# [EXERCISE OBJECTIVE]
Copy nothing from the entries below except the lines from the one containing "blk.add_blockref('7', (3214.04, -1814.78), dxfattribs=at)" through the one containing "h.set_pattern_fill('ANSI37', scale=0.05, style=0)", and copy those exactly.
┄┄┄┄┄┄┄┄┄┄
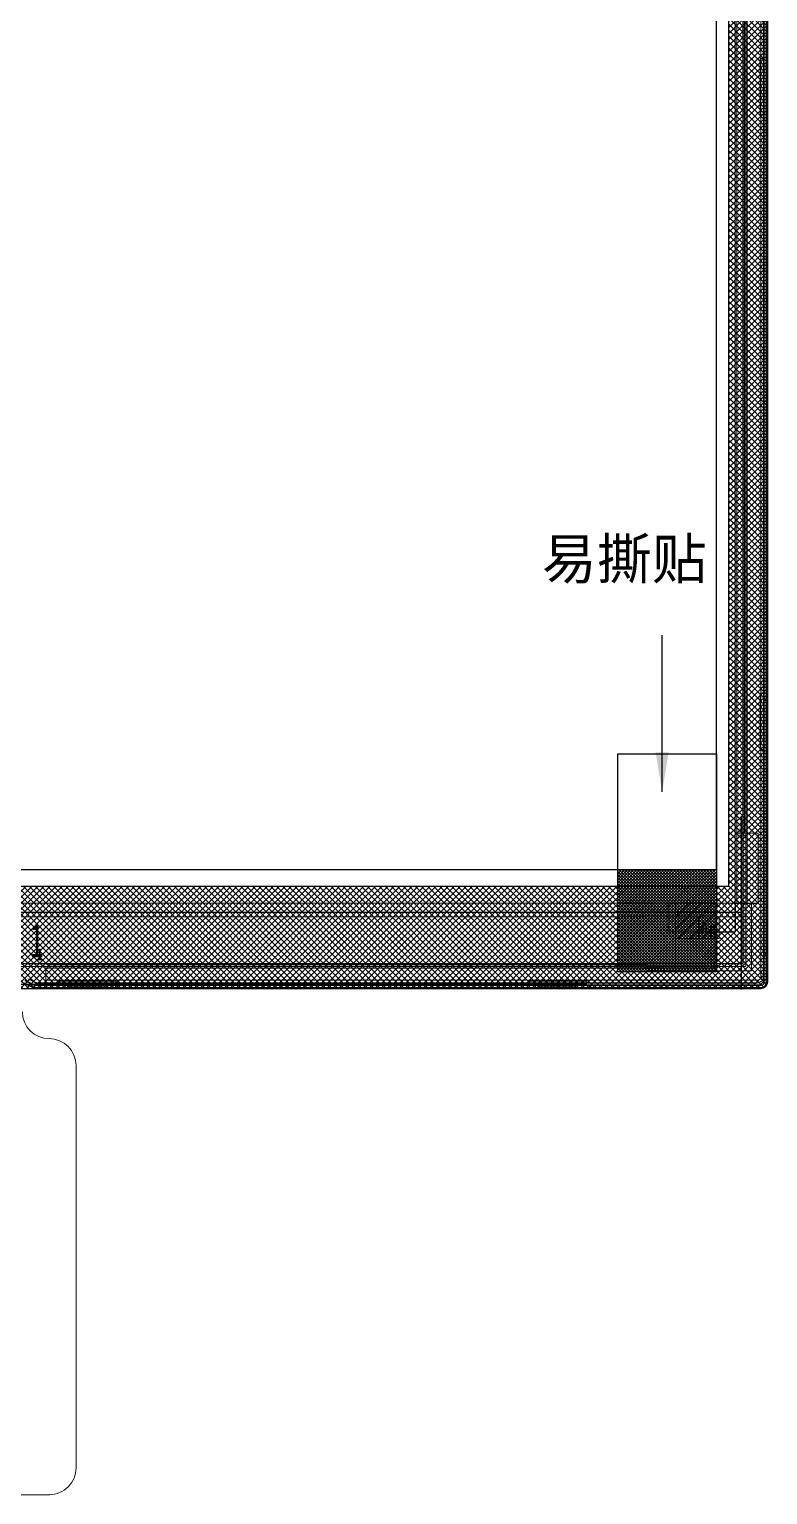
# Model space of a CAD drawing. Header units: millimetres. Extents: x 20850 to 34255, y -4073 to 3090.
# Drawn here: x 22494 to 22549, y 2422 to 2531.1 of the extents above; entities that cross this region are included whole.
import ezdxf

# ---------------------------------------------------------------- set-up
doc = ezdxf.new("R2010")
doc.units = ezdxf.units.MM
doc.header["$LTSCALE"] = 0.2
for name, color, linetype, lineweight in [('DIM（标注）', 3, 'Continuous', 0), ('LCD', 1, 'Continuous', 13), ('标注', 6, 'Continuous', 18), ('胶框', 7, 'Continuous', 5)]:
    doc.layers.add(name, color=color, linetype=linetype, lineweight=lineweight)
doc.layers.add('下铁框', color=5, linetype='Continuous')
doc.styles.get("Standard").update_dxf_attribs({"font": 'simkai.ttf', "width": 0.58, "height": 8})
doc.styles.add('宋体', font='', dxfattribs={"height": 3})
doc.styles.add('工程', font='')
doc.styles.get('宋体').set_extended_font_data('SimSun')
doc.styles.get('工程').set_extended_font_data('SimSun')
doc.dimstyles.new('ISO-25', dxfattribs={"dimtxt": 2.5, "dimasz": 2.5, "dimexe": 1.25, "dimexo": 0.625, "dimtad": 1, "dimtxsty": 'Standard', "dimcen": 2.5, "dimadec": 0, "dimazin": 0, "dimtfac": 1, "dimtmove": 0, "dimatfit": 3, "dimfxl": 1, "dimarcsym": 0})
doc.dimstyles.new('XCY', dxfattribs={"dimtxt": 4, "dimasz": 1.5, "dimexe": 0.6, "dimexo": 0.6, "dimgap": 0.5, "dimtad": 0, "dimzin": 1, "dimdsep": 46, "dimtxsty": '工程', "dimcen": 1.5, "dimclrd": 3, "dimclre": 3, "dimclrt": 3, "dimadec": 0, "dimazin": 0, "dimtfac": 1, "dimtmove": 0, "dimatfit": 3, "dimfxl": 1, "dimtolj": 1, "dimtzin": 0, "dimlwd": -1, "dimlwe": -1, "dimarcsym": 0})

# ---------------------------------------------------------------- blocks, each defined once
blk = doc.blocks.new('7')
at = {"layer": '下铁框', "color": 4}
for p, q in [((-3071.29, 1829.16), (-3071.29, 2056.71)), ((-3071.09, 1829.16), (-3071.09, 2056.71)), ((-3071.59, 1897.97), (-3071.29, 1897.97)), ((-3071.59, 1897.97), (-3071.59, 1893.77)), ((-3071.59, 1893.77), (-3071.29, 1893.77)), ((-3071.59, 1850.7), (-3071.29, 1850.7)), ((-3071.59, 1850.7), (-3071.59, 1846.5)), ((-3071.59, 1846.5), (-3071.29, 1846.5)), ((-3071.09, 1831.26), (-3071.29, 1831.26)), ((-3126.39, 1829.11), (-3125.69, 1828.76)), ((-3126.34, 1829.31), (-3125.64, 1828.96)), ((-3125.69, 1828.76), (-3125.52, 1828.76)), ((-3125.64, 1828.96), (-3071.49, 1828.96)), ((-3125.52, 1828.76), (-3071.49, 1828.76)), ((-3123.76, 1829.26), (-3123.76, 1828.96)), ((-3119.56, 1829.26), (-3123.76, 1829.26)), ((-3119.56, 1829.26), (-3119.56, 1828.96)), ((-3119.56, 1828.76), (-3119.56, 1828.96)), ((-3088.76, 1829.26), (-3088.76, 1828.96)), ((-3084.56, 1829.26), (-3088.76, 1829.26)), ((-3084.56, 1829.26), (-3084.56, 1828.96)), ((-3073.59, 1828.76), (-3073.59, 1828.96))]:
    blk.add_line(p, q, dxfattribs=at)
for radius in [0.4, 0.2]:
    blk.add_arc((-3071.49, 1829.16), radius, 270, 360, dxfattribs=at)
blk = doc.blocks.new('A$C16496DF1')
h = blk.add_hatch()
h.set_pattern_fill('ANSI31', scale=0.2, style=0)
h.set_pattern_definition([(45, (-2453.31535, -350.09796), (-0.4490128, 0.4490128), [])])
h.paths.add_polyline_path([(136.15, 20.27), (139.15, 20.27), (139.15, 17.66), (136.15, 17.66)])
at = {"color": 7}
blk.add_line((141.8, 20.27), (140.71, 20.27), dxfattribs=at)
for points in [[(139.15, 20.27), (136.15, 20.27), (136.15, 15.45), (139.15, 15.45)], [(136.15, 20.27), (139.15, 20.27), (139.15, 17.66), (136.15, 17.66)], [(139.15, 17.66), (136.15, 17.66), (136.15, 15.45), (139.15, 15.45)]]:
    blk.add_lwpolyline(points, close=True, dxfattribs=at)
at = {"layer": '胶框', "color": 7, "lineweight": 0}
for p, q in [((142.7, 14.83), (142.7, 241.73)), ((142.7, 14.83), (142.7, 241.73)), ((140.71, 20.27), (140.71, 240.75)), ((141.48, 20.27), (141.48, 241.15)), ((143, 82.64), (142.7, 82.64)), ((143, 79.64), (143, 82.64)), ((143, 79.64), (142.7, 79.64)), ((143, 35.37), (142.7, 35.37)), ((143, 32.37), (143, 35.37)), ((143, 32.37), (142.7, 32.37)), ((140.71, 20.27), (2.29, 20.27)), ((141.8, 15.23), (141.8, 20.27)), ((89.47, 15.45), (138.3, 15.45)), ((138.3, 15.45), (138.6, 15.23)), ((88.53, 14.38), (88.04, 14.63)), ((88.75, 14.33), (142.2, 14.33)), ((89.27, 14.33), (89.27, 15.25)), ((90.88, 14.33), (90.88, 14.03)), ((93.88, 14.33), (93.88, 14.03)), ((125.88, 14.33), (125.88, 14.03)), ((128.88, 14.33), (128.88, 14.03)), ((141.8, 15.23), (138.6, 15.23)), ((93.88, 14.03), (90.88, 14.03)), ((128.88, 14.03), (125.88, 14.03))]:
    blk.add_line(p, q, dxfattribs=at)
for centre, radius, start, end in [((89.47, 15.25), 0.2, 90, 180), ((88.75, 14.83), 0.5, 243.4349, 270), ((142.2, 14.83), 0.5, 270, 0)]:
    blk.add_arc(centre, radius, start, end, dxfattribs=at)
at = {"layer": 'DIM（标注）', "color": 4, "linetype": 'Continuous'}
blk.add_blockref('7', (3214.04, -1814.78), dxfattribs=at)

msp = doc.modelspace()

# ---------------------------------------------------------------- hatches: boundary and pattern name
h = msp.add_hatch()
h.set_pattern_fill('ANSI37', scale=0.1, style=0)
h.set_pattern_definition([(45, (17612.70704, 2031.4034), (-0.224506403, 0.224506403), []), (135, (17612.70704, 2031.4034), (-0.224506403, -0.224506403), [])])
edge = h.paths.add_edge_path()
edge.add_line((22549.0097, 2460.1747), (22549.0097, 2687.6827))
edge.add_arc((22548.4097, 2687.6827), 0.6, 0, 90)
edge.add_line((22548.4097, 2688.2827), (22406.6097, 2688.2827))
edge.add_arc((22406.6097, 2687.6827), 0.6, 90, 180)
edge.add_line((22406.0097, 2687.6827), (22406.0097, 2460.1747))
edge.add_arc((22406.5097, 2460.1747), 0.5, 180, 270)
edge.add_line((22406.5097, 2459.6747), (22548.5097, 2459.6747))
edge.add_arc((22548.5097, 2460.1747), 0.5, 270, 360)
h.paths.add_polyline_path([(22546.0897, 2467.2547), (22408.9297, 2467.2547), (22408.9297, 2686.0007), (22546.0897, 2686.0007)], flags=16)
h = msp.add_hatch()
h.set_pattern_fill('ANSI37', scale=0.05, style=0)
h.set_pattern_definition([(45, (17612.70704, 2031.4034), (-0.1122532015, 0.1122532015), []), (135, (17612.70704, 2031.4034), (-0.1122532015, -0.1122532015), [])])
h.paths.add_polyline_path([(22545.1897, 2468.5247), (22537.8445, 2468.5247), (22537.8445, 2460.9143), (22545.1897, 2460.9143)])

# ---------------------------------------------------------------- linework, layer by layer
at = {"color": 7, "lineweight": 0}
for p, q in [((22548.5097, 2460.5827), (22548.5097, 2687.4827)), ((22548.5097, 2460.5827), (22548.5097, 2687.4827)), ((22548.7097, 2460.5827), (22548.7097, 2687.4827)), ((22548.7097, 2460.5827), (22548.7097, 2687.4827)), ((22546.5897, 2466.0267), (22546.5897, 2626.6827)), ((22547.2897, 2471.2267), (22547.2897, 2621.9827)), ((22549.0097, 2528.3927), (22548.7097, 2528.3927)), ((22549.0097, 2525.3927), (22549.0097, 2528.3927)), ((22549.0097, 2525.3927), (22548.7097, 2525.3927)), ((22549.0097, 2481.1277), (22548.7097, 2481.1277)), ((22549.0097, 2478.1277), (22549.0097, 2481.1277)), ((22549.0097, 2478.1277), (22548.7097, 2478.1277)), ((22548.2897, 2471.2267), (22546.5897, 2471.2267)), ((22548.2897, 2466.0267), (22548.2897, 2471.2267)), ((22546.5897, 2466.0267), (22408.4297, 2466.0267)), ((22547.8097, 2460.9857), (22547.8097, 2466.0267)), ((22495.4747, 2461.4227), (22539.9097, 2461.4227)), ((22539.9097, 2461.4227), (22540.2097, 2460.9857)), ((22494.4353, 2460.1355), (22493.9465, 2460.3799)), ((22495.2747, 2460.0827), (22495.2747, 2461.2227)), ((22495.2747, 2460.2827), (22548.2097, 2460.2827)), ((22540.2097, 2460.9857), (22547.8097, 2460.9857)), ((22548.2097, 2460.2827), (22548.2097, 2460.0827)), ((22548.5097, 2460.5827), (22548.7097, 2460.5827)), ((22494.6589, 2460.0827), (22548.2097, 2460.0827)), ((22496.8897, 2460.0827), (22496.8897, 2459.7827)), ((22499.8897, 2459.7827), (22496.8897, 2459.7827)), ((22499.8897, 2460.0827), (22499.8897, 2459.7827)), ((22531.8897, 2460.0827), (22531.8897, 2459.7827)), ((22534.8897, 2459.7827), (22531.8897, 2459.7827)), ((22534.8897, 2460.0827), (22534.8897, 2459.7827))]:
    msp.add_line(p, q, dxfattribs=at)
at = {"color": 7}
for p, q in [((22537.8445, 2468.5247), (22545.1897, 2468.5247)), ((22537.8445, 2468.5247), (22545.1897, 2468.5247)), ((22541.5897, 2466.0267), (22541.5897, 2463.8767)), ((22546.5897, 2466.0267), (22548.2897, 2466.0267)), ((22546.5897, 2466.0267), (22546.5897, 2463.8767)), ((22546.5897, 2463.8767), (22541.5897, 2463.8767))]:
    msp.add_line(p, q, dxfattribs=at)
msp.add_lwpolyline([(22549.0097, 2460.1747), (22549.0097, 2687.6827, 0.41421356), (22548.4097, 2688.2827), (22406.6097, 2688.2827, 0.41421356), (22406.0097, 2687.6827), (22406.0097, 2460.1747, 0.41421356), (22406.5097, 2459.6747), (22548.5097, 2459.6747, 0.41421356)], format="xyb", close=True, dxfattribs=at)
at = {"ltscale": 3}
msp.add_lwpolyline([(22535.4787, 2459.9545), (22416.0769, 2459.9547, 0.19891536), (22415.9355, 2459.8961), (22415.7726, 2459.7332, -0.198915), (22415.714, 2459.6747), (22406.5097, 2459.6747, -0.41421356), (22406.0097, 2460.1747), (22406.0097, 2687.7247, -0.41421356), (22406.5097, 2688.2247), (22548.4097, 2688.2247, -0.41421356), (22548.9097, 2687.7247), (22548.9097, 2460.1747, -0.41421356), (22548.4097, 2459.6747), (22535.9656, 2459.6747, -0.198915), (22535.9071, 2459.7332), (22535.8322, 2459.8081)], format="xyb", dxfattribs=at)
at = {"color": 7}
for points in [[(22407.8297, 2461.5247), (22547.1897, 2461.5247), (22547.1897, 2687.1007), (22407.8297, 2687.1007)], [(22546.0897, 2467.2547), (22408.9297, 2467.2547), (22408.9297, 2686.0007), (22546.0897, 2686.0007)], [(22545.1897, 2468.5247), (22545.1897, 2685.1007), (22409.8297, 2685.1007), (22409.8297, 2468.5247)], [(22537.8445, 2477.1479), (22545.1897, 2477.1479), (22545.1897, 2460.9143), (22537.8445, 2460.9143)]]:
    msp.add_lwpolyline(points, close=True, dxfattribs=at)
msp.add_lwpolyline([(22407.8297, 2465.3607), (22547.1897, 2465.3607)], dxfattribs=at)
at = {"color": 7, "lineweight": 0}
for centre, radius, start, end in [((22548.2097, 2460.5827), 0.5, 270, 0), ((22548.2097, 2460.5827), 0.3, 270, 0), ((22494.6589, 2460.5827), 0.5, 243.434949, 270)]:
    msp.add_arc(centre, radius, start, end, dxfattribs=at)
at = {"layer": '标注', "color": 1}
for p, q in [((22497.5263, 2423.9655), (22497.5263, 2453.9361)), ((22439.1496, 2421.9684), (22495.5805, 2421.9663))]:
    msp.add_line(p, q, dxfattribs=at)
at = {"layer": '标注', "color": 6}
for points in [[(22407.6297, 2687.1007), (22547.3897, 2687.1007), (22547.3897, 2461.3007), (22407.6297, 2461.3007)], [(22407.6297, 2687.1007), (22547.3897, 2687.1007), (22547.3897, 2465.0007), (22407.6297, 2465.0007)], [(22407.6297, 2687.1007), (22547.3897, 2687.1007), (22547.3897, 2461.3007), (22407.6297, 2461.3007)], [(22407.6297, 2687.1007), (22547.3897, 2687.1007), (22547.3897, 2465.0007), (22407.6297, 2465.0007)], [(22409.8297, 2685.1007), (22545.1897, 2685.1007), (22545.1897, 2468.5247), (22409.8297, 2468.5247)], [(22409.8297, 2685.1007), (22545.1897, 2685.1007), (22545.1897, 2468.5247), (22409.8297, 2468.5247)]]:
    msp.add_lwpolyline(points, close=True, dxfattribs=at)
at = {"layer": '标注', "color": 1}
msp.add_lwpolyline([(22543.8897, 2463.4007), (22545.3897, 2463.4007), (22545.3897, 2465.0007), (22543.8897, 2465.0007)], close=True, dxfattribs=at)
msp.add_lwpolyline([(22543.8897, 2463.4007), (22545.3897, 2463.4007), (22545.3897, 2465.0007), (22543.8897, 2465.0007)], close=True, dxfattribs=at)
for centre, start, end in [((22495.5263, 2457.9361), 180, 270), ((22495.5263, 2453.9361), 0, 90), ((22495.5263, 2423.9655), 269.992212, 0)]:
    msp.add_arc(centre, 2, start, end, dxfattribs=at)

# ---------------------------------------------------------------- block references
at = {"color": 7, "linetype": 'Continuous'}
msp.add_blockref('7', (25620.0504, 630.9771), dxfattribs=at)
at = {"layer": '标注', "color": 1}
msp.add_blockref('A$C16496DF1', (22406.0097, 2445.7449), dxfattribs=at)

# ---------------------------------------------------------------- texts
at = {"color": 7, "lineweight": 13, "insert": (22532.1984, 2493.174), "char_height": 3, "attachment_point": 1, "style": '宋体'}
msp.add_mtext_dynamic_manual_height_columns('{\\C4;易撕贴}', width=36.725485, gutter_width=12.5, heights=[0], dxfattribs=at)
at = {"color": 4, "lineweight": 9, "insert": (22494.1156, 2464.4843), "char_height": 2.5, "width": 0.428216, "attachment_point": 1}
msp.add_mtext('1', dxfattribs=at)
at = {"layer": 'LCD', "color": 4, "style": '宋体'}
for s, p in [('Ag', (22543.9973, 2463.775)), ('Ag', (22543.9973, 2463.775)), ('1', (22494.4995, 2461.7607))]:
    msp.add_text(s, height=0.9, dxfattribs=at).set_placement(p)

# ---------------------------------------------------------------- leaders
at = {"color": 7, "lineweight": 13}
msp.add_leader([(22541.1552, 2474.3145), (22541.1552, 2485.9967)], dimstyle='ISO-25', override={"dimscale": 0.7, "dimtxt": 4.2, "dimasz": 4.2, "dimexe": 0.3, "dimexo": 0.2, "dimgap": 0.2, "dimtad": 0, "dimzin": 1, "dimdsep": 46, "dimcen": 0.5, "dimclrd": 256, "dimclre": 256, "dimclrt": 256, "dimtp": 1.2, "dimtm": 1.2, "dimfxl": 0.18, "dimtolj": 1}, dxfattribs=at)
at = {"color": 7}
msp.add_leader([(22547.0365, 2472.5085), (22547.0365, 2459.5865)], dimstyle='XCY', override={"dimgap": 0.5, "dimtad": 0}, dxfattribs=at)

doc.saveas('drawing.dxf')
┄┄┄┄┄┄┄┄┄┄
# [EXERCISE OUTPUT]
blk.add_blockref('7', (3214.04, -1814.78), dxfattribs=at)

msp = doc.modelspace()

# ---------------------------------------------------------------- hatches: boundary and pattern name
h = msp.add_hatch()
h.set_pattern_fill('ANSI37', scale=0.1, style=0)
h.set_pattern_definition([(45, (17612.70704, 2031.4034), (-0.224506403, 0.224506403), []), (135, (17612.70704, 2031.4034), (-0.224506403, -0.224506403), [])])
edge = h.paths.add_edge_path()
edge.add_line((22549.0097, 2460.1747), (22549.0097, 2687.6827))
edge.add_arc((22548.4097, 2687.6827), 0.6, 0, 90)
edge.add_line((22548.4097, 2688.2827), (22406.6097, 2688.2827))
edge.add_arc((22406.6097, 2687.6827), 0.6, 90, 180)
edge.add_line((22406.0097, 2687.6827), (22406.0097, 2460.1747))
edge.add_arc((22406.5097, 2460.1747), 0.5, 180, 270)
edge.add_line((22406.5097, 2459.6747), (22548.5097, 2459.6747))
edge.add_arc((22548.5097, 2460.1747), 0.5, 270, 360)
h.paths.add_polyline_path([(22546.0897, 2467.2547), (22408.9297, 2467.2547), (22408.9297, 2686.0007), (22546.0897, 2686.0007)], flags=16)
h = msp.add_hatch()
h.set_pattern_fill('ANSI37', scale=0.05, style=0)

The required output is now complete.